What you need to do » Copy out all lines of the listing below that hold "layers".

====

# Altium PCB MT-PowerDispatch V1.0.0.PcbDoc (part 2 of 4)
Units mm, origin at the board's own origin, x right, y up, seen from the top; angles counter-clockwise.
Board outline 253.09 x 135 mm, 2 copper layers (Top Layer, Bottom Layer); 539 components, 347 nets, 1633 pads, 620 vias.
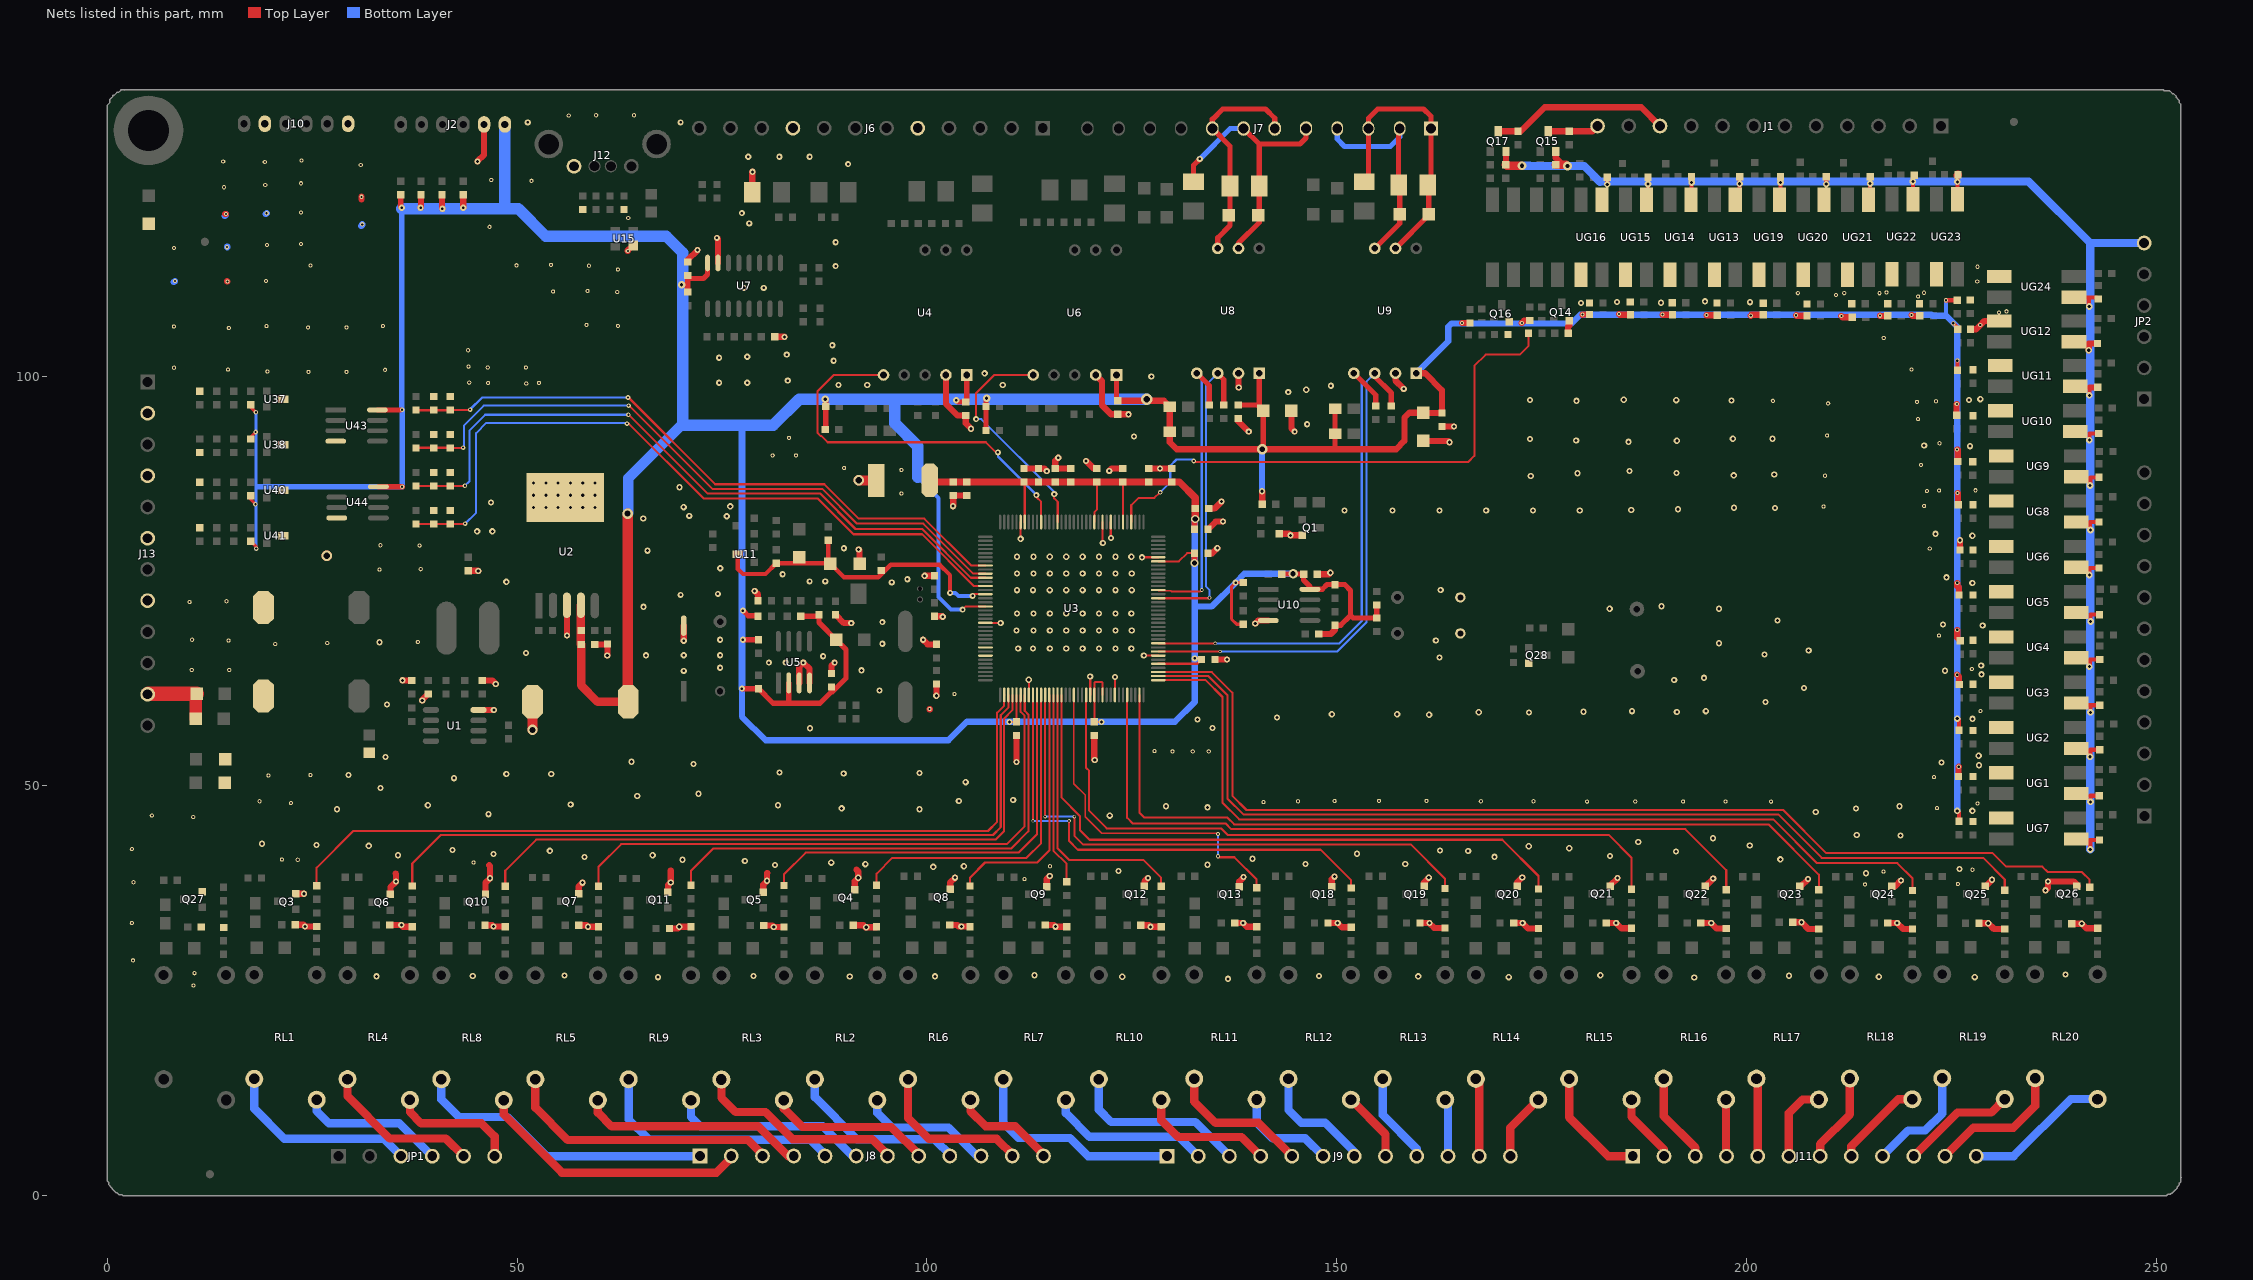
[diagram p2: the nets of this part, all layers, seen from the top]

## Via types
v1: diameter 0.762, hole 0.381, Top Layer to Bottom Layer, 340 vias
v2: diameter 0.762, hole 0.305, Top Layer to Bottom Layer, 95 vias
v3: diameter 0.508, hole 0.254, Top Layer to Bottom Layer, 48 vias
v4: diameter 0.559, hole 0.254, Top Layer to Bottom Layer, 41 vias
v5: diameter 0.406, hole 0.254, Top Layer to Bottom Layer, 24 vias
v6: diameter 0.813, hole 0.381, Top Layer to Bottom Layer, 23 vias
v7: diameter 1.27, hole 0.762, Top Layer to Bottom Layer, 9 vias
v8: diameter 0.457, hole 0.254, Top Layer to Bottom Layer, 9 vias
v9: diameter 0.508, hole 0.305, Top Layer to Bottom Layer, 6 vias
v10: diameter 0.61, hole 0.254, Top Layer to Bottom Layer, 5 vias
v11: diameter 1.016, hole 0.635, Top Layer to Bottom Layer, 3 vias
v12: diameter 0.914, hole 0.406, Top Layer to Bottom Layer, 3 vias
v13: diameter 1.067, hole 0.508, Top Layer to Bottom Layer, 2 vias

====

Response »
Board outline 253.09 x 135 mm, 2 copper layers (Top Layer, Bottom Layer); 539 components, 347 nets, 1633 pads, 620 vias.
[diagram p2: the nets of this part, all layers, seen from the top]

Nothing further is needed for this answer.